Thursday, February 28, 2002

Glass Columns


By Linda

An array of numerous clear glittering glass columns each nearly one hundred feet high and about a foot thick contains the history of the Aiel up to the Agreement of Rhuidean. The Aes Sedai with the Jenn thus ensured that the history of the Aiel would not be lost and that the prophecy might be fulfilled. Aviendha wondered if the Aes Sedai programmed the glass columns to show the Aiel their past or if they placed the ter’angreal and allowed it to show what it pleased to grant wisdom to the Aiel (Towers of Midnight, Near Avendesora). For thousands of years since that Agreement, any Aiel man wishing to be a clan chief must enter the ter’angreal and learn their true history. They come out marked on one arm with a dragon or do not come out. Only one man in three returns. The ter’angreal was able to distinguish Rand and mark him with two dragons. Aiel women who wish to be Wise Ones also enter the ter’angreal but they do not receive any marking. The women have a much higher survival rate (The World of Robert Jordan’s The Wheel of Time). If a person without Aiel ancestry enters the columns they see no visions at all (Crossroads of Twilight ebook Q&A).


When an Aiel enters the columns they seem to vanish immediately (The Shadow Rising, The Road to the Spear). The air is cooler within the columns. The history commences with the Agreement of Rhuidean and the person probably experiences it through the eyes of their own ancestors (The Shadow Rising, He Who Comes With the Dawn). With each step into the ter’angreal the person goes back in time starting from the first few centuries AB (The Shadow Rising, The Road to the Spear). Progress within the ter’angreal appears to depend on how quickly the person can absorb and accept the memories that they see, as evidenced by Rand catching up with and overtaking Muradin (The Shadow Rising,The Dedicated). If they can’t accept the history, they don’t come out. It is not known what happens to their bodies. As the person moves within the ter’angreal, the columns’ lights flash faster, and the air swirls increasingly strongly until:

The light from the columns was a shimmering blue haze that seemed solid, that seemed to claw the nerves out of his skin. The wind howled, one vast whirlwind sucking inward.

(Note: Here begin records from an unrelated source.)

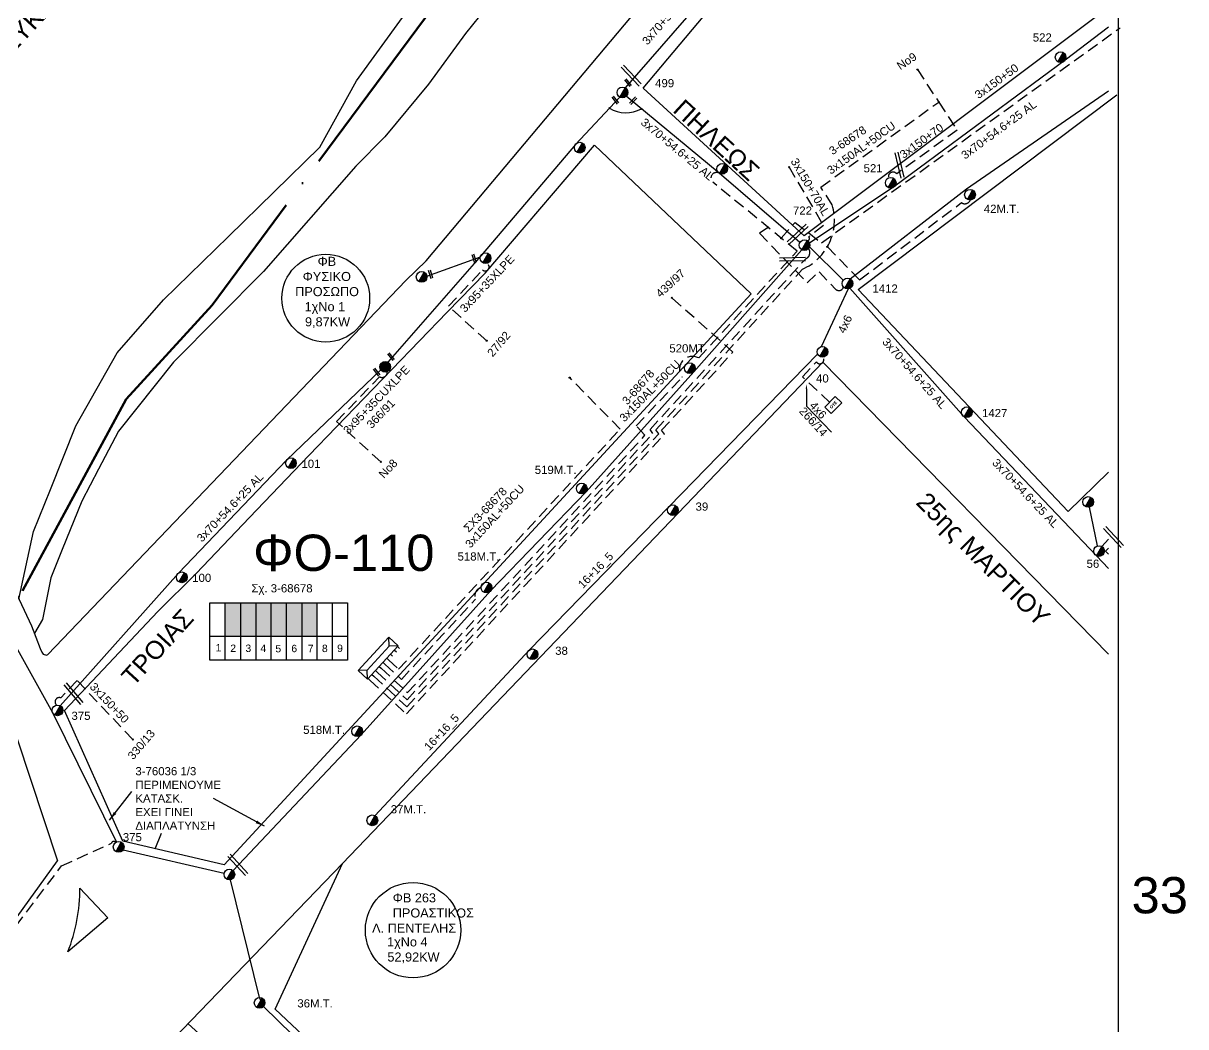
# Model space of a CAD drawing. Header units: millimetres. Extents: x 1020 to 3238, y 796 to 1818.
# Drawn here: x 2769.9 to 3026, y 1476.2 to 1697.4 of the extents above; entities that cross this region are included whole.
import ezdxf
from ezdxf import colors
from ezdxf.entities.mleader import LeaderData, LeaderLine
from ezdxf.enums import TextEntityAlignment as Align
from ezdxf.math import Vec2, Vec3

# ---------------------------------------------------------------- set-up
doc = ezdxf.new("R2010")
doc.units = ezdxf.units.MM
doc.linetypes.add('ACAD_ISO04W100', pattern=[30, 24, -3, 0, -3])
doc.linetypes.add('DASHED', pattern=[19.05, 12.7, -6.35])
for name, color, linetype, lineweight in [('16+16_5', 7, 'SYN_LINE', 30), ('3x150+50', 7, 'Continuous', 30), ('3x150+70', 7, 'Continuous', 30), ('3x150+70AL', 7, 'DASHED', 30), ('3x150AL+50CU', 7, 'Continuous', 30), ('3x70+54.6+25 AL', 7, 'SYN_LINE', 30), ('3x95+35XLPE', 7, 'Continuous', 30), ('4x6', 7, 'SYN_LINE', 30), ('4x6συγκ', 7, 'SYN_LINE', 30), ('Υπόβαθρο ΔΕΗ', 7, 'Continuous', 30)]:
    doc.layers.add(name, color=color, linetype=linetype, lineweight=lineweight)
for name, color, linetype in [('Pillar OTE', 7, 'Continuous'), ('text οδών', 7, 'Continuous'), ('text_kalodion', 7, 'Continuous'), ('Άγνωστα', 7, 'Continuous'), ('ΑΓΝΩΣΤΟ ΥΠΟΓΕΙΟ ΚΑΛΩΔΙΟ', 7, 'DASHED'), ('Επιγραφές - Σχήματα', 7, 'Continuous'), ('Καλώδια ΧΤ   3x150AL+50CU', 7, 'DASHED'), ('Καλώδια ΧΤ   3x150AL+50XLPE', 7, 'DASHED'), ('Μηχανική τομή', 7, 'Continuous'), ('Στύλος Ξύλινος', 7, 'Continuous'), ('Στύλος Ξύλινος @ 1', 7, 'Continuous'), ('Στύλος ΦΜ', 7, 'Continuous'), ('Στύλος ΦΜ @ 1', 7, 'Continuous'), ('Συνδέσεις', 7, 'Continuous'), ('Τομή', 7, 'Continuous'), ('Υποσταθμός πόλεως', 7, 'Continuous')]:
    doc.layers.add(name, color=color, linetype=linetype)
doc.styles.add('arial', font='arial.ttf')
doc.styles.get("Standard").update_dxf_attribs({"font": 'arial.ttf'})
doc.linetypes.add('PRANES_1r', pattern='A,0.5,[137,SPECLINE.shx,S=1,R=180,X=0,Y=0],0.5', length=1)
doc.linetypes.add('SYN_LINE', pattern='A,0.5,-0.0001,["/\\/\\/\\/",Standard,S=0.1,R=0,X=0,Y=-0.05],-0.25', length=0.7501)
doc.dimstyles.new('ISO-25', dxfattribs={"dimtxt": 2.5, "dimasz": 2.5, "dimexe": 1.25, "dimexo": 0.625, "dimtad": 1, "dimtxsty": 'Standard', "dimcen": 2.5, "dimadec": 0, "dimazin": 0, "dimtfac": 1, "dimtmove": 0, "dimatfit": 3, "dimfxl": 1, "dimarcsym": 0})

# ---------------------------------------------------------------- blocks, each defined once
blk = doc.blocks.new('ΥΠΑΡΧΩΝ ΤΣΙΜΕΝΤΕΝΙΟΣ ΣΤΥΛΟΣ')
at = {"layer": 'Στύλος ΦΜ'}
blk.add_hatch(color=7, dxfattribs=at).paths.add_polyline_path([(-1.29, -2.28, 0.574793), (2.62, 0, 0.268822), (1.3, 2.27)])
at = {"layer": 'Στύλος ΦΜ', "color": 7}
blk.add_line((-1.29, -2.28), (1.3, 2.27), dxfattribs=at)
blk.add_circle((0, 0), 2.62, dxfattribs=at)
at = {"layer": 'Στύλος ΦΜ', "flags": 4}
for tag, p in [('ΑΡΙΘΜΟΣ', (-4.68, 8.05)), ('ΤΥΠΟΣ', (-4.91, 3.03))]:
    blk.add_attdef(tag, p, '', height=4, dxfattribs=at)
blk = doc.blocks.new('ΥΠΑΡΧΩΝ ΞΥΛΙΝΟΣ ΣΤΥΛΟΣ')
at = {"layer": 'Στύλος Ξύλινος'}
h = blk.add_hatch(color=7, dxfattribs=at)
h.paths.add_polyline_path([(-2.62, 0, 0.270008), (-1.29, -2.28), (1.3, 2.27, 0.576266)])
h.paths.add_polyline_path([(-1.29, -2.28, 0.574793), (2.62, 0, 0.268822), (1.3, 2.27)])
at = {"layer": 'Στύλος Ξύλινος', "color": 7}
blk.add_line((-1.29, -2.28), (1.3, 2.27), dxfattribs=at)
blk.add_circle((0, 0), 2.62, dxfattribs=at)
at = {"layer": 'Στύλος Ξύλινος', "flags": 4}
for tag, p in [('ΑΡΙΘΜΟΣ', (-4.91, 8.6)), ('ΤΥΠΟΣ', (-4.85, 3.39))]:
    blk.add_attdef(tag, p, '', height=4, dxfattribs=at)
blk = doc.blocks.new('ΤΟΜΗ')
at = {"layer": 'Τομή', "ltscale": 40}
for p, q in [((-5.7, 0), (17.1, 0)), ((-5.7, -2.8), (17.1, -2.8))]:
    blk.add_line(p, q, dxfattribs=at)
blk = doc.blocks.new('ΜΗΧΑΝΙΚΗ ΤΟΜΗ')
at = {"layer": 'Μηχανική τομή', "ltscale": 40}
for p, q in [((-1.9, 0.8), (5.7, 0.8)), ((-1.9, -0.8), (5.7, -0.8))]:
    blk.add_line(p, q, dxfattribs=at)
blk = doc.blocks.new('ΥΠΟΣΤΑΘΜΟΣ ΠΟΛΕΩΣ 9 ΑΝΑΧΩΡΗΣΕΩΝ')
at = {"layer": 'Υποσταθμός πόλεως', "ltscale": 40}
for p, q in [((-9.63, -2.82), (-9.63, -4)), ((-7.12, -2.82), (-7.12, -4)), ((-4.84, -2.82), (-4.84, -4)), ((-2.36, -2.82), (-2.36, -4)), ((0.09, -2.82), (0.09, -4)), ((2.55, -2.82), (2.55, -4)), ((5.02, -2.82), (5.02, -4)), ((7.48, -2.82), (7.48, -4)), ((9.61, -2.82), (9.61, -4))]:
    blk.add_line(p, q, dxfattribs=at)
blk.add_lwpolyline([(-10.02, 2.82), (10.02, 2.82), (10.02, -2.82), (-10.02, -2.82)], close=True, dxfattribs=at)
for points in [[(-7.21, 0), (-10.02, 2.82)], [(-10.02, -2.82), (-7.21, 0)], [(-7.21, 0), (7.21, 0)], [(7.21, 0), (10.02, 2.82)], [(10.02, -2.82), (7.21, 0)]]:
    blk.add_lwpolyline(points, dxfattribs=at)
at = {"layer": 'Υποσταθμός πόλεως', "linetype": 'SYN_LINE', "ltscale": 40, "flags": 1}
for tag, p in [('ΜΕΤΑΣΧΗΜΑΤΙΣΜΟΣ', (10.79, 1.71)), ('ΙΣΧΥΣ', (10.77, -1.08)), ('ΑΡΙΘΜΟΣ', (10.89, -3.8))]:
    blk.add_attdef(tag, p, '', height=1.8, dxfattribs=at)
blk = doc.blocks.new('_ΣΥΝΔΕΣΗ')
at = {"layer": 'Συνδέσεις', "linetype": 'SYN_LINE', "ltscale": 40}
blk.add_hatch(color=256, dxfattribs=at).paths.add_polyline_path([(0.5, 0, 1), (-0.5, 0, 1)])
at = {"layer": 'Συνδέσεις'}
blk.add_circle((0, 0), 0.5, dxfattribs=at)
blk = doc.blocks.new('PILLAR ΟΤΕ')
at = {"layer": 'Pillar OTE', "ltscale": 40}
blk.add_lwpolyline([(-3.31, 2.02), (3.39, 2.02), (3.39, -1.99), (-3.31, -1.99)], close=True, dxfattribs=at)
at = {"layer": 'Pillar OTE', "insert": (-1.81, 0.71), "char_height": 1.3575, "width": 109.961, "attachment_point": 1}
blk.add_mtext('{\\fArial|b1|i0|c161|p34;OTE}', dxfattribs=at)

msp = doc.modelspace()

# ---------------------------------------------------------------- hatches: boundary and pattern name
at = {"layer": 'Καλώδια ΧΤ   3x150AL+50CU', "linetype": 'DASHED', "lineweight": -3, "ltscale": 0.2}
h = msp.add_hatch(color=5, dxfattribs=at)
h.dxf.hatch_style = 1
h.paths.add_polyline_path([(2817.78, 1569.68), (2814.34, 1569.68), (2814.34, 1562.32), (2817.78, 1562.32)])
h = msp.add_hatch(color=6, dxfattribs=at)
h.dxf.hatch_style = 1
h.paths.add_polyline_path([(2817.78, 1562.32), (2821.22, 1562.31), (2821.22, 1569.68), (2817.78, 1569.68)])
h = msp.add_hatch(color=62, dxfattribs=at)
h.dxf.hatch_style = 1
h.paths.add_polyline_path([(2824.52, 1569.68), (2821.22, 1569.68), (2821.22, 1562.31), (2824.52, 1562.31)])
h = msp.add_hatch(color=30, dxfattribs=at)
h.dxf.hatch_style = 1
h.paths.add_polyline_path([(2824.52, 1562.31), (2827.9, 1562.31), (2827.9, 1569.68), (2824.52, 1569.68)])
h = msp.add_hatch(color=2, dxfattribs=at)
h.dxf.hatch_style = 1
h.paths.add_polyline_path([(2827.9, 1562.31), (2831.3, 1562.3), (2831.3, 1569.68), (2827.9, 1569.68)])
h = msp.add_hatch(color=27, dxfattribs=at)
h.dxf.hatch_style = 1
h.paths.add_polyline_path([(2831.24, 1562.31), (2834.63, 1562.3), (2834.64, 1569.68), (2831.24, 1569.68)])

# ---------------------------------------------------------------- linework, layer by layer
at = {"lineweight": -3}
msp.add_lwpolyline([(1059.16, 1801.46), (3011.12, 1801.46), (3011.12, 806.84), (1059.16, 806.84)], close=True, dxfattribs=at)
at = {"lineweight": -3, "ltscale": 0.2}
for centre, radius in [((2836.53, 1636.81), 9.67), ((2855.76, 1497.52), 10.5)]:
    msp.add_circle(centre, radius, dxfattribs=at)
at = {"layer": '16+16_5', "linetype": 'Continuous', "lineweight": -3, "ltscale": 0.2}
msp.add_lwpolyline([(2944.92, 1624.49), (2912.1, 1590.83), (2881.4, 1559.29), (2847.37, 1522.75)], dxfattribs=at)
at = {"layer": '3x150+50', "color": 62, "linetype": 'DASHED', "lineweight": -3, "ltscale": 0.2}
msp.add_lwpolyline([(2936.91, 1650.01), (2939.97, 1653.53), (2945.77, 1649.03), (3011.58, 1696.43), (3011.58, 1696.43)], dxfattribs=at)
at = {"layer": '3x150+50', "color": 30, "linetype": 'DASHED', "lineweight": -3, "ltscale": 0.2}
msp.add_lwpolyline([(2850.42, 1557.04), (2852.58, 1555.05), (2901.41, 1607.98), (2890.28, 1619.3)], dxfattribs=at)
at = {"layer": '3x150+50', "color": 5, "linetype": 'DASHED', "lineweight": -3, "ltscale": 0.2}
msp.add_lwpolyline([(2849.58, 1556.14), (2853.21, 1552.79), (2869.56, 1570.51, -0.483196), (2870.76, 1572.98)], format="xyb", dxfattribs=at)
at = {"layer": '3x150+50', "color": 62, "linetype": 'DASHED', "lineweight": -3, "ltscale": 0.2}
msp.add_lwpolyline([(2794.02, 1539.54), (2781.72, 1552.55), (2778.17, 1548.7, 0.91411), (2777.28, 1547.12, 81.746997)], format="xyb", dxfattribs=at)
at = {"layer": '3x150+70', "color": 2, "linetype": 'DASHED', "lineweight": -3, "ltscale": 0.2}
msp.add_lwpolyline([(2966.92, 1687.19), (2971.61, 1680.03), (2975.64, 1673.88), (2962.35, 1664.22, 0.802234), (2960.54, 1663.32, -3.101444)], format="xyb", dxfattribs=at)
at = {"layer": '3x150+70AL', "color": 6, "linetype": 'DASHED', "lineweight": -3, "ltscale": 0.2}
msp.add_lwpolyline([(2938.63, 1665.68), (2946.23, 1652.81), (2942.98, 1650.3, -0.791811), (2942.61, 1649.53, 2.343439)], format="xyb", dxfattribs=at)
at = {"layer": '3x150AL+50CU', "color": 2, "linetype": 'DASHED', "lineweight": -3, "ltscale": 0.2}
msp.add_lwpolyline([(2847.14, 1553.49), (2854.41, 1546.78), (2909.9, 1606.93), (2909.3, 1607.8), (2941.56, 1643.21, 0.378579), (2948.14, 1657.36), (2945.61, 1661.3), (2971.61, 1680.03)], format="xyb", dxfattribs=at)
at = {"layer": '3x150AL+50CU', "color": 62, "linetype": 'DASHED', "lineweight": -3, "ltscale": 0.2}
msp.add_lwpolyline([(2848.76, 1555.24), (2854.55, 1549.89), (2906.87, 1606.6), (2904.92, 1608.68), (2915.09, 1619.39, -0.817537), (2918.71, 1623.64), (2940.38, 1647.17), (2921.86, 1662.37, -0.954672), (2923.3, 1664.3, -0.92639)], format="xyb", dxfattribs=at)
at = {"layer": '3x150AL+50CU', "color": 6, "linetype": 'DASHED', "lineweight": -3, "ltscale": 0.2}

- The Shadow Rising, The Dedicated

These effects are not apparent from the outside. Traversing the array can take up to ten days (The Shadow Rising, He Who Comes With the Dawn).

Only one trip through the columns was allowed.

When Aviendha tried to read the ter’angreal she found that it was vastly more powerful and complex than she thought and that the columns had an awareness. By trying to read the ter’angreal Aviendha may have re-set it, or its awareness of her need for knowledge and her regard of the ancestral memories it gave as no longer useful, made it show her the future instead (Towers of Midnight, Near Avendesora). She still progressed backwards in time as she walked through the columns, but from a distant future to a closer one. It seems the future it showed is not definite, but likely based on the person’s memories and beliefs (and in Aviendha’s case, the buried memories of her trip through the Wise Ones apprentice rings) at that time.

Bair also made a second trip through the columns to see if she would also experience what Aviendha did. She saw something similar to Aviendha, but through different eyes – those of her descendants - and believes it is a warning of a future the Aiel must avoid (A Memory of Light, To See The Answer):

"I saw it just as she did," Bair was saying. "Though it was my own descendants who lent me their eyes. I think we will all see it now, if we return the third time. It should be required."

"Three visits?" Melaine said. "That brings change indeed. We still do not know if the second visit will show this, or the previous vision."

A Memory of Light, The Choice of a Patch


The Wise Ones now wonder what future Aiel will see in the glass columns when they make their first traverse of it: will they see their history or their future? Either way is well worth experiencing in Bair’s opinion.